# Task item
A faithful copy is required: retype the records from their first line through the line with "doc.linetypes.add('HIDDEN', pattern=[0.375, 0.25, -0.125])", and omit the pictures.

# Stored data
*** Begin section ***

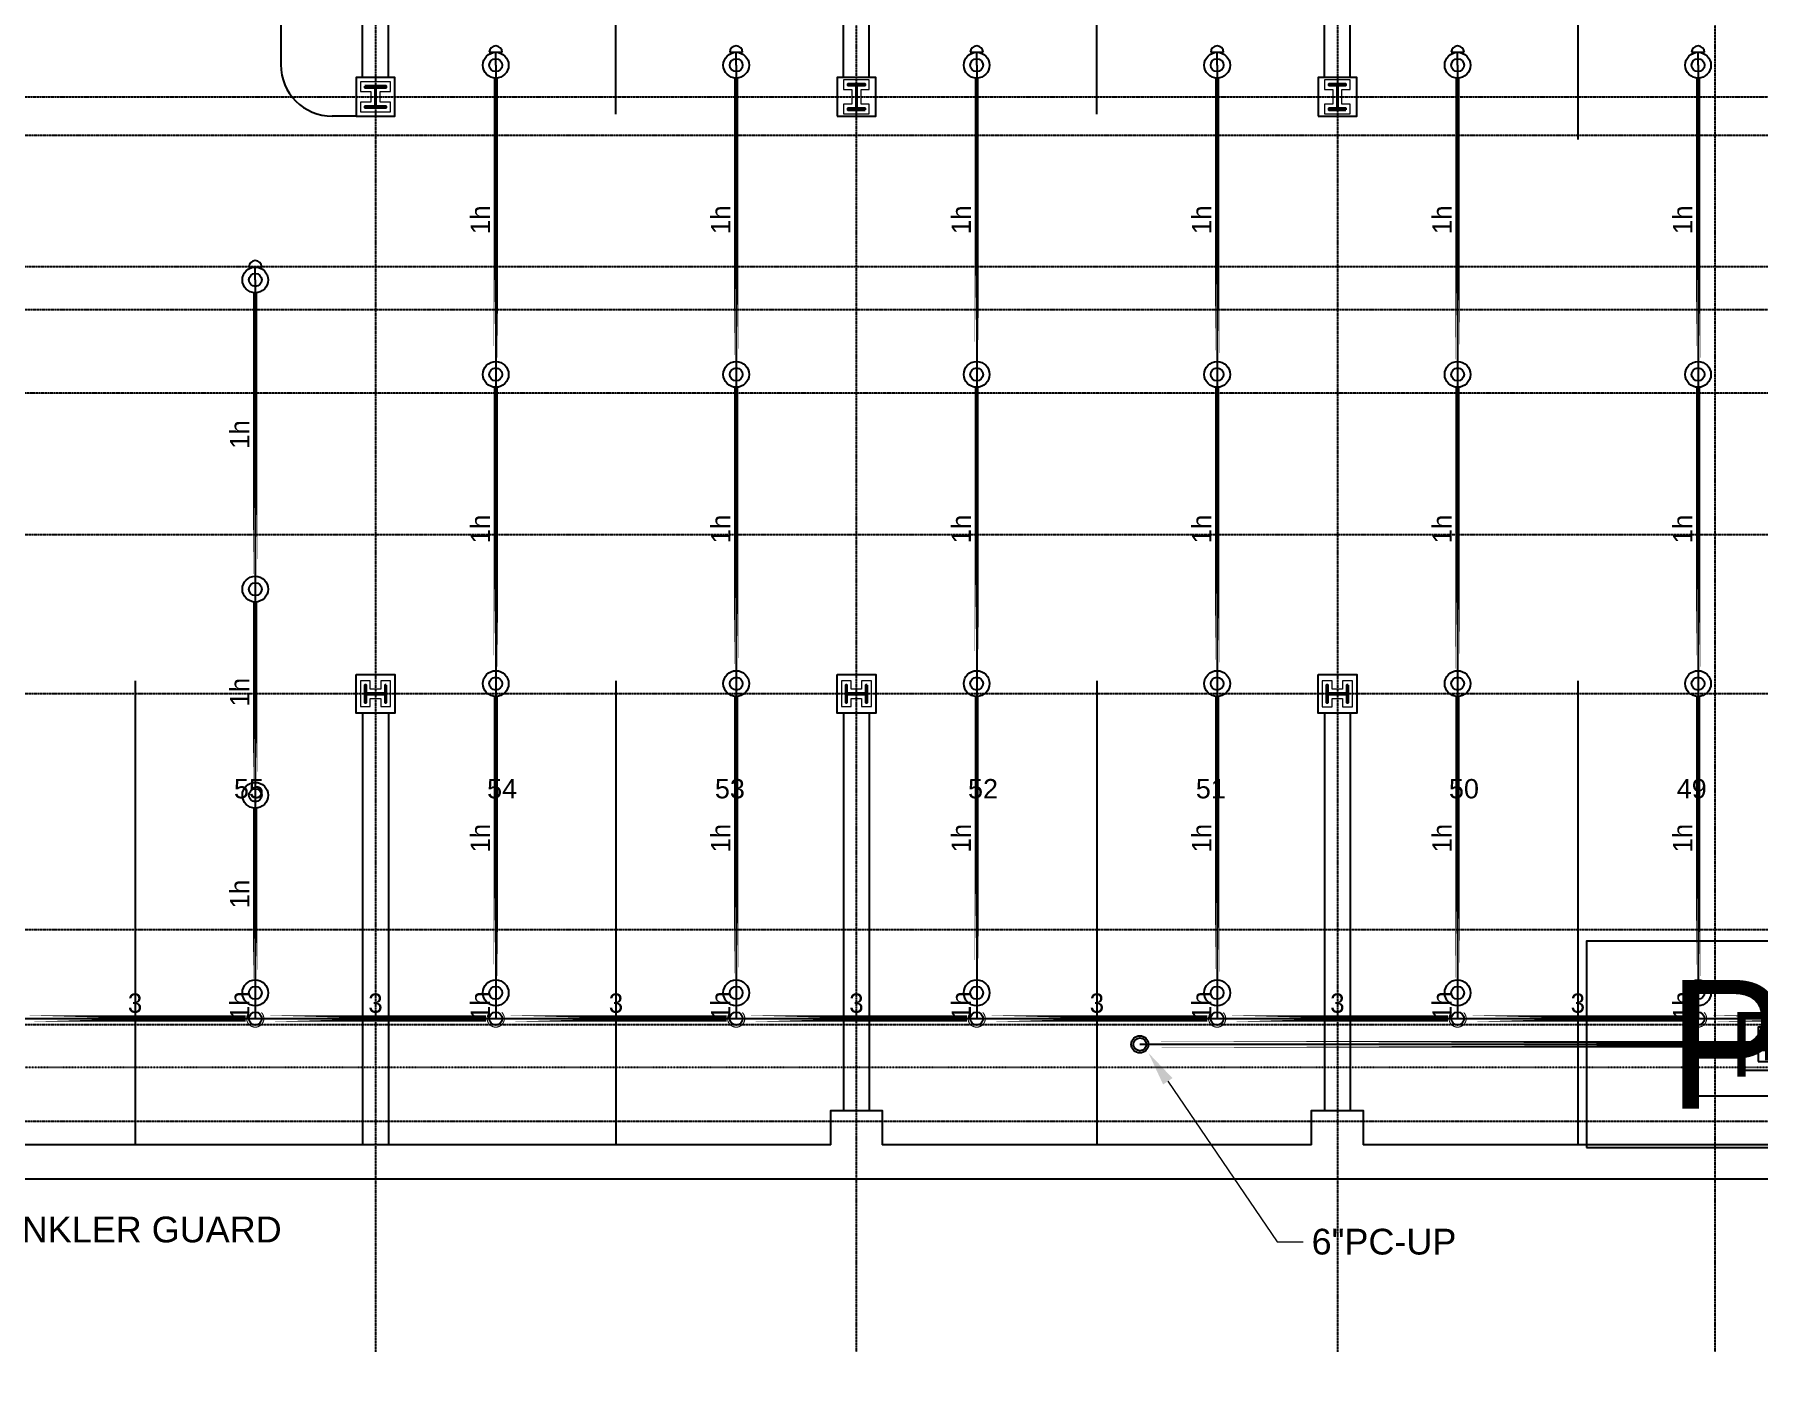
# Model space of a CAD drawing. Header units: inches. Extents: x -24247 to 247, y -491 to 2341.
# Drawn here: x -1395 to -592, y -120 to 506 of the extents above; entities that cross this region are included whole.
import ezdxf
from ezdxf import colors
from ezdxf.entities.mleader import LeaderData, LeaderLine
from ezdxf.enums import TextEntityAlignment as Align
from ezdxf.math import Vec2, Vec3

# ---------------------------------------------------------------- set-up
doc = ezdxf.new("R2010")
doc.units = ezdxf.units.IN
doc.header["$LTSCALE"] = 0.3
doc.header["$MEASUREMENT"] = 0
doc.linetypes.add('CENTER2', pattern=[1.125, 0.75, -0.125, 0.125, -0.125])
doc.linetypes.add('HIDDEN', pattern=[0.375, 0.25, -0.125])
for name, color, linetype, lineweight in [('A-Anno-Text', 7, 'Continuous', 25), ('A-Detl-Hatch', 1, 'Continuous', 18), ('A-Detl-Wide', 2, 'Continuous', 35), ('G-ANNO-TEXT', 7, 'Continuous', 0), ('S-Detl-Hatch', 1, 'Continuous', 18)]:
    doc.layers.add(name, color=color, linetype=linetype, lineweight=lineweight)
for name, color, linetype in [('A-Grid(SmallScale)', 11, 'CENTER2'), ('A-Site-Parking', 251, 'Continuous'), ('A-Site-Setback', 5, 'HIDDEN'), ('F-PC-N', 1, 'Continuous'), ('F-PC-N @ 1', 1, 'Continuous'), ('F-PC-N @ 128', 1, 'Continuous'), ('F-PC-N @ 192', 1, 'Continuous'), ('F-PC-N @ 384', 1, 'Continuous'), ('F-PC-N @ 48', 1, 'Continuous'), ('F-PC-N @ 64', 1, 'Continuous'), ('F-PC-N @ 768', 1, 'Continuous'), ('F-PC-N @ 96', 1, 'Continuous'), ('HEADUP', 7, 'Continuous'), ('PIPEBL', 4, 'Continuous'), ('pipemn', 6, 'Continuous'), ('PIPESPC', 7, 'Continuous'), ('S-Foundation', 7, 'Continuous'), ('S-Structural Concrete', 4, 'Continuous'), ('spk-cap', 7, 'Continuous'), ('spk-piperise', 7, 'Continuous'), ('TIDYPIPE', 7, 'Continuous')]:
    doc.layers.add(name, color=color, linetype=linetype)
doc.styles.add('Arial', font='arial.ttf')
doc.styles.add('G1DIM', font='arial.ttf')
doc.styles.add('PIPE', font='PIPE.SHX')

# ---------------------------------------------------------------- blocks, each defined once
blk = doc.blocks.new('*U29')
at = {"layer": 'A-Detl-Hatch'}
h = blk.add_hatch(dxfattribs=at)
h.set_pattern_fill('ANSI32', color=256, scale=6, style=0)
h.set_pattern_definition([(45, (0, -4.96), (-1.591, 1.591), []), (45, (1.0607, -4.96), (-1.591, 1.591), [])])
edge = h.paths.add_edge_path()
edge.add_line((3.9925, -9.92), (3.9925, -9.39))
edge.add_line((3.9925, -9.39), (0.6575, -9.39))
edge.add_arc((0.6575, -8.89), 0.5, 180, 270, ccw=False)
edge.add_line((0.1575, -8.89), (0.1575, -1.03))
edge.add_arc((0.6575, -1.03), 0.5, 90, 180, ccw=False)
edge.add_line((0.6575, -0.53), (3.9925, -0.53))
edge.add_line((3.9925, -0.53), (3.9925, 0))
edge.add_line((3.9925, 0), (-3.9925, 0))
edge.add_line((-3.9925, 0), (-3.9925, -0.53))
edge.add_line((-3.9925, -0.53), (-0.6575, -0.53))
edge.add_arc((-0.6575, -1.03), 0.5, 0, 90, ccw=False)
edge.add_line((-0.1575, -1.03), (-0.1575, -8.89))
edge.add_arc((-0.6575, -8.89), 0.5, -90, 0, ccw=False)
edge.add_line((-0.6575, -9.39), (-3.9925, -9.39))
edge.add_line((-3.9925, -9.39), (-3.9925, -9.92))
edge.add_line((-3.9925, -9.92), (3.9925, -9.92))
at = {"color": 0, "linetype": 'ByBlock'}
blk.add_lwpolyline([(3.9925, -9.92), (3.9925, -9.39), (0.6575, -9.39, -0.41421356), (0.1575, -8.89), (0.1575, -1.03, -0.41421356), (0.6575, -0.53), (3.9925, -0.53), (3.9925, 0), (-3.9925, 0), (-3.9925, -0.53), (-0.6575, -0.53, -0.41421356), (-0.1575, -1.03), (-0.1575, -8.89, -0.41421356), (-0.6575, -9.39), (-3.9925, -9.39), (-3.9925, -9.92)], format="xyb", close=True, dxfattribs=at)
blk = doc.blocks.new('w10x39')
at = {"layer": 'S-Detl-Hatch'}
blk.add_lwpolyline([(13843.55, -7311.37), (13843.55, -7306.84), (13839.72, -7306.84), (13839.72, -7301.98), (13843.55, -7301.98), (13843.55, -7297.45), (13831.57, -7297.45), (13831.57, -7301.98), (13835.4, -7301.98), (13835.4, -7306.84), (13831.57, -7306.84), (13831.57, -7311.37)], close=True, dxfattribs=at)
at = {"layer": 'A-Detl-Wide'}
blk.add_blockref('*U29', (13837.56, -7299.45), dxfattribs=at)
blk = doc.blocks.new('*U30')
at = {"layer": 'A-Detl-Hatch'}
h = blk.add_hatch(dxfattribs=at)
h.set_pattern_fill('ANSI32', color=256, scale=6, style=0)
h.set_pattern_definition([(45, (0, -5.05), (-1.591, 1.591), []), (45, (1.0607, -5.05), (-1.591, 1.591), [])])
edge = h.paths.add_edge_path()
edge.add_line((4.01, -10.1), (4.01, -9.48))
edge.add_line((4.01, -9.48), (0.675, -9.48))
edge.add_arc((0.675, -8.98), 0.5, 180, 270, ccw=False)
edge.add_line((0.175, -8.98), (0.175, -1.12))
edge.add_arc((0.675, -1.12), 0.5, 90, 180, ccw=False)
edge.add_line((0.675, -0.62), (4.01, -0.62))
edge.add_line((4.01, -0.62), (4.01, 0))
edge.add_line((4.01, 0), (-4.01, 0))
edge.add_line((-4.01, 0), (-4.01, -0.62))
edge.add_line((-4.01, -0.62), (-0.675, -0.62))
edge.add_arc((-0.675, -1.12), 0.5, 0, 90, ccw=False)
edge.add_line((-0.175, -1.12), (-0.175, -8.98))
edge.add_arc((-0.675, -8.98), 0.5, -90, 0, ccw=False)
edge.add_line((-0.675, -9.48), (-4.01, -9.48))
edge.add_line((-4.01, -9.48), (-4.01, -10.1))
edge.add_line((-4.01, -10.1), (4.01, -10.1))
at = {"color": 0, "linetype": 'ByBlock'}
blk.add_lwpolyline([(4.01, -10.1), (4.01, -9.48), (0.675, -9.48, -0.4142136), (0.175, -8.98), (0.175, -1.12, -0.4142136), (0.675, -0.62), (4.01, -0.62), (4.01, 0), (-4.01, 0), (-4.01, -0.62), (-0.675, -0.62, -0.4142136), (-0.175, -1.12), (-0.175, -8.98, -0.4142136), (-0.675, -9.48), (-4.01, -9.48), (-4.01, -10.1)], format="xyb", close=True, dxfattribs=at)
blk = doc.blocks.new('W10X45')
at = {"layer": 'S-Detl-Hatch'}
blk.add_lwpolyline([(13921.91, -7311.37), (13921.91, -7306.75), (13918.07, -7306.75), (13918.07, -7301.89), (13921.91, -7301.89), (13921.91, -7297.27), (13909.89, -7297.27), (13909.89, -7301.89), (13913.72, -7301.89), (13913.72, -7306.75), (13909.89, -7306.75), (13909.89, -7311.37)], close=True, dxfattribs=at)
at = {"layer": 'A-Detl-Wide'}
blk.add_blockref('*U30', (13915.9, -7299.27), dxfattribs=at)
blk = doc.blocks.new('*U27')
at = {"layer": 'A-Detl-Hatch'}
h = blk.add_hatch(dxfattribs=at)
h.set_pattern_fill('ANSI32', color=256, scale=6, style=0)
h.set_pattern_definition([(45, (0, -4.99), (-1.591, 1.591), []), (45, (1.0607, -4.99), (-1.591, 1.591), [])])
edge = h.paths.add_edge_path()
edge.add_line((5, -9.98), (5, -9.42))
edge.add_line((5, -9.42), (0.67, -9.42))
edge.add_arc((0.67, -8.92), 0.5, 180, 270, ccw=False)
edge.add_line((0.17, -8.92), (0.17, -1.06))
edge.add_arc((0.67, -1.06), 0.5, 90, 180, ccw=False)
edge.add_line((0.67, -0.56), (5, -0.56))
edge.add_line((5, -0.56), (5, 0))
edge.add_line((5, 0), (-5, 0))
edge.add_line((-5, 0), (-5, -0.56))
edge.add_line((-5, -0.56), (-0.67, -0.56))
edge.add_arc((-0.67, -1.06), 0.5, 0, 90, ccw=False)
edge.add_line((-0.17, -1.06), (-0.17, -8.92))
edge.add_arc((-0.67, -8.92), 0.5, -90, 0, ccw=False)
edge.add_line((-0.67, -9.42), (-5, -9.42))
edge.add_line((-5, -9.42), (-5, -9.98))
edge.add_line((-5, -9.98), (5, -9.98))
at = {"color": 0, "linetype": 'ByBlock'}
blk.add_lwpolyline([(5, -9.98), (5, -9.42), (0.67, -9.42, -0.414214), (0.17, -8.92), (0.17, -1.06, -0.414214), (0.67, -0.56), (5, -0.56), (5, 0), (-5, 0), (-5, -0.56), (-0.67, -0.56, -0.414214), (-0.17, -1.06), (-0.17, -8.92, -0.414214), (-0.67, -9.42), (-5, -9.42), (-5, -9.98)], format="xyb", close=True, dxfattribs=at)
blk = doc.blocks.new('W10x49')
at = {"layer": 'S-Detl-Hatch'}
blk.add_lwpolyline([(14011.6, -7310.28), (14011.6, -7305.72), (14006.77, -7305.72), (14006.77, -7300.86), (14011.6, -7300.86), (14011.6, -7296.3), (13997.6, -7296.3), (13997.6, -7300.86), (14002.43, -7300.86), (14002.43, -7305.72), (13997.6, -7305.72), (13997.6, -7310.28)], close=True, dxfattribs=at)
at = {"layer": 'A-Detl-Wide'}
blk.add_blockref('*U27', (14004.6, -7298.3), dxfattribs=at)
blk = doc.blocks.new('*U26')
at = {"layer": 'A-Detl-Hatch'}
h = blk.add_hatch(dxfattribs=at)
h.set_pattern_fill('ANSI32', color=256, scale=6, style=0)
h.set_pattern_definition([(45, (0, -5.97), (-1.591, 1.591), []), (45, (1.0607, -5.97), (-1.591, 1.591), [])])
edge = h.paths.add_edge_path()
edge.add_line((4.0025, -11.94), (4.0025, -11.425))
edge.add_line((4.0025, -11.425), (0.7475, -11.425))
edge.add_arc((0.7475, -10.825), 0.6, 180, 270, ccw=False)
edge.add_line((0.1475, -10.825), (0.1475, -1.115))
edge.add_arc((0.7475, -1.115), 0.6, 90, 180, ccw=False)
edge.add_line((0.7475, -0.515), (4.0025, -0.515))
edge.add_line((4.0025, -0.515), (4.0025, 0))
edge.add_line((4.0025, 0), (-4.0025, 0))
edge.add_line((-4.0025, 0), (-4.0025, -0.515))
edge.add_line((-4.0025, -0.515), (-0.7475, -0.515))
edge.add_arc((-0.7475, -1.115), 0.6, 0, 90, ccw=False)
edge.add_line((-0.1475, -1.115), (-0.1475, -10.825))
edge.add_arc((-0.7475, -10.825), 0.6, -90, 0, ccw=False)
edge.add_line((-0.7475, -11.425), (-4.0025, -11.425))
edge.add_line((-4.0025, -11.425), (-4.0025, -11.94))
edge.add_line((-4.0025, -11.94), (4.0025, -11.94))
at = {"color": 0, "linetype": 'ByBlock'}
blk.add_lwpolyline([(4.0025, -11.94), (4.0025, -11.425), (0.7475, -11.425, -0.41421356), (0.1475, -10.825), (0.1475, -1.115, -0.41421356), (0.7475, -0.515), (4.0025, -0.515), (4.0025, 0), (-4.0025, 0), (-4.0025, -0.515), (-0.7475, -0.515, -0.41421356), (-0.1475, -1.115), (-0.1475, -10.825, -0.41421356), (-0.7475, -11.425), (-4.0025, -11.425), (-4.0025, -11.94)], format="xyb", close=True, dxfattribs=at)
blk = doc.blocks.new('W12X40')
at = {"layer": 'S-Detl-Hatch'}
blk.add_lwpolyline([(14080.89, -7310.28), (14080.89, -7305.76), (14077.04, -7305.76), (14077.04, -7298.85), (14080.89, -7298.85), (14080.89, -7294.34), (14068.89, -7294.34), (14068.89, -7298.85), (14072.74, -7298.85), (14072.74, -7305.76), (14068.89, -7305.76), (14068.89, -7310.28)], close=True, dxfattribs=at)
at = {"layer": 'A-Detl-Wide'}
blk.add_blockref('*U26', (14074.89, -7296.34), dxfattribs=at)
blk = doc.blocks.new('*U672')
blk.add_circle((0, 0), 0.0312)
blk = doc.blocks.new('*U673')
at = {"layer": 'Defpoints'}
blk.add_lwpolyline([(-0.125, -0.0625), (0.125, -0.0625), (0.125, 0.0625), (-0.125, 0.0625)], close=True, dxfattribs=at)
at = {"style": 'Arial'}
blk.add_text('PC', height=0.07812, dxfattribs=at).set_placement((0, 0), align=Align.MIDDLE)
blk = doc.blocks.new('*U1698')
at = {"layer": 'F-PC-N @ 1', "linetype": 'ByBlock', "lineweight": -2}
blk.add_blockref('*U673', (-576, 35.74), dxfattribs=at)
at = {"layer": 'F-PC-N @ 128', "linetype": 'ByBlock', "lineweight": -2, "xscale": 128, "yscale": 128, "zscale": 128}
blk.add_blockref('*U673', (-576, 35.74), dxfattribs=at)
at = {"layer": 'F-PC-N @ 192', "linetype": 'ByBlock', "lineweight": -2, "xscale": 192, "yscale": 192, "zscale": 192}
blk.add_blockref('*U673', (-576, 35.74), dxfattribs=at)
at = {"layer": 'F-PC-N @ 384', "linetype": 'ByBlock', "lineweight": -2, "xscale": 384, "yscale": 384, "zscale": 384}
blk.add_blockref('*U673', (-576, 35.74), dxfattribs=at)
at = {"layer": 'F-PC-N @ 48', "linetype": 'ByBlock', "lineweight": -2, "xscale": 48, "yscale": 48, "zscale": 48}
blk.add_blockref('*U673', (-576, 35.74), dxfattribs=at)
at = {"layer": 'F-PC-N @ 64', "linetype": 'ByBlock', "lineweight": -2, "xscale": 64, "yscale": 64, "zscale": 64}
blk.add_blockref('*U673', (-576, 35.74), dxfattribs=at)
at = {"layer": 'F-PC-N @ 768', "linetype": 'ByBlock', "lineweight": -2, "xscale": 768, "yscale": 768, "zscale": 768}
blk.add_blockref('*U673', (-576, 35.74), dxfattribs=at)
at = {"layer": 'F-PC-N @ 96', "linetype": 'ByBlock', "lineweight": -2, "xscale": 96, "yscale": 96, "zscale": 96}
blk.add_blockref('*U673', (-576, 35.74), dxfattribs=at)
blk = doc.blocks.new('SPRIG1')
for radius in [6, 3]:
    blk.add_circle((0, 0), radius)
blk = doc.blocks.new('rise')
blk.add_circle((0, 0), 3)
blk = doc.blocks.new('CAP')
blk.add_line((0, 3), (0, -3))
blk.add_arc((0, 0), 3, 270, 90)
blk = doc.blocks.new('PIPESPC')
at = {"layer": 'PIPESPC', "style": 'PIPE', "width": 0.9}
blk.add_attdef('SIZE', text='', height=9, dxfattribs=at).set_placement((0, 4.02), align=Align.CENTER)
at = {"layer": 'PIPESPC', "style": 'PIPE', "flags": 1}
blk.add_attdef('SCHED', (25.3, 3.89), '', height=9, dxfattribs=at)
blk = doc.blocks.new('TIDYRUN')
at = {"const_width": 0.5}
blk.add_lwpolyline([(-2.83, 2.83, -2.414214), (-2.83, -2.83, -1.737895)], format="xyb", dxfattribs=at)

msp = doc.modelspace()

# ---------------------------------------------------------------- linework, layer by layer
at = {"layer": 'A-Grid(SmallScale)'}
for p, q in [((-1236, 1771.74), (-1236, -107.53)), ((-1012, -107.53), (-1012, 1771.74)), ((-788, 1771.74), (-788, -107.53)), ((-612, -107.53), (-612, 1771.74)), ((-3580, 477), (228, 477)), ((228, 459), (-3560.16, 459)), ((-3554.2, 398), (228, 398)), ((-3580, 378), (228, 378)), ((226, 339), (-3565.19, 339)), ((228, 273), (-3580, 273)), ((228, 199), (-3580, 199)), ((228, 89), (-3580, 89)), ((-3580, 45), (228, 45)), ((-3580, 0), (228, 0))]:
    msp.add_line(p, q, dxfattribs=at)
at = {"layer": 'A-Site-Parking'}
for p, q in [((-1280.13, 761.78), (-1280.13, 492)), ((-1124, 469), (-1124, 685)), ((-900, 469), (-900, 685)), ((-676, 685), (-676, 457.13)), ((-1242, 486), (-1242, 596)), ((-1230, 486), (-1230, 596)), ((-1018, 486), (-1018, 596)), ((-1006, 486), (-1006, 596)), ((-794, 486), (-794, 596)), ((-782, 486), (-782, 596)), ((-1245, 468), (-1256.13, 468)), ((-1348, 205), (-1348, -11)), ((-1124, 205), (-1124, -11)), ((-900, 205), (-900, -11)), ((-676, 205), (-676, -11)), ((-1242, 190), (-1242, -11)), ((-1230, 190), (-1230, -11)), ((-1018, 190), (-1018, 5)), ((-1006, 190), (-1006, 5)), ((-794, 190), (-794, 5)), ((-782, 190), (-782, 5))]:
    msp.add_line(p, q, dxfattribs=at)
msp.add_arc((-1256.13, 492), 24, 180, 270, dxfattribs=at)
at = {"layer": 'A-Site-Setback'}
msp.add_lwpolyline([(-3368, 1467.95), (-92.22, 857.37, 0.002374), (40, 833.37), (40, 25), (-2900, 25, 0.00067), (-2984.09, 24.89, 0.001041), (-3368, 23.49), (-3368, 827.74), (-3368, 1467.95)], format="xyb", dxfattribs=at)
at = {"layer": 'F-PC-N'}
msp.add_line((-592, 35.74), (-876, 35.74), dxfattribs=at)
at = {"layer": 'PIPEBL', "color": 1}
for p, q in [((-1180, 491.74), (-1180, 497.74)), ((-1180, 491.74), (-1180, 347.74)), ((-1068, 491.74), (-1068, 497.74)), ((-1068, 491.74), (-1068, 347.74)), ((-956, 491.74), (-956, 497.74)), ((-956, 491.74), (-956, 347.74)), ((-844, 491.74), (-844, 497.74)), ((-844, 491.74), (-844, 347.74)), ((-732, 491.74), (-732, 497.74)), ((-732, 491.74), (-732, 347.74)), ((-620, 491.74), (-620, 497.74)), ((-620, 491.74), (-620, 347.74)), ((-1292, 391.74), (-1292, 397.74)), ((-1292, 391.74), (-1292, 247.74)), ((-1180, 347.74), (-1180, 203.74)), ((-1068, 347.74), (-1068, 203.74)), ((-956, 347.74), (-956, 203.74)), ((-844, 347.74), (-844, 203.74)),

*** End section ***

# Exercise answer
# Model space of a CAD drawing. Header units: inches. Extents: x -24247 to 247, y -491 to 2341.
# Drawn here: x -1395 to -592, y -120 to 506 of the extents above; entities that cross this region are included whole.
import ezdxf
from ezdxf import colors
from ezdxf.entities.mleader import LeaderData, LeaderLine
from ezdxf.enums import TextEntityAlignment as Align
from ezdxf.math import Vec2, Vec3

# ---------------------------------------------------------------- set-up
doc = ezdxf.new("R2010")
doc.units = ezdxf.units.IN
doc.header["$LTSCALE"] = 0.3
doc.header["$MEASUREMENT"] = 0
doc.linetypes.add('CENTER2', pattern=[1.125, 0.75, -0.125, 0.125, -0.125])
doc.linetypes.add('HIDDEN', pattern=[0.375, 0.25, -0.125])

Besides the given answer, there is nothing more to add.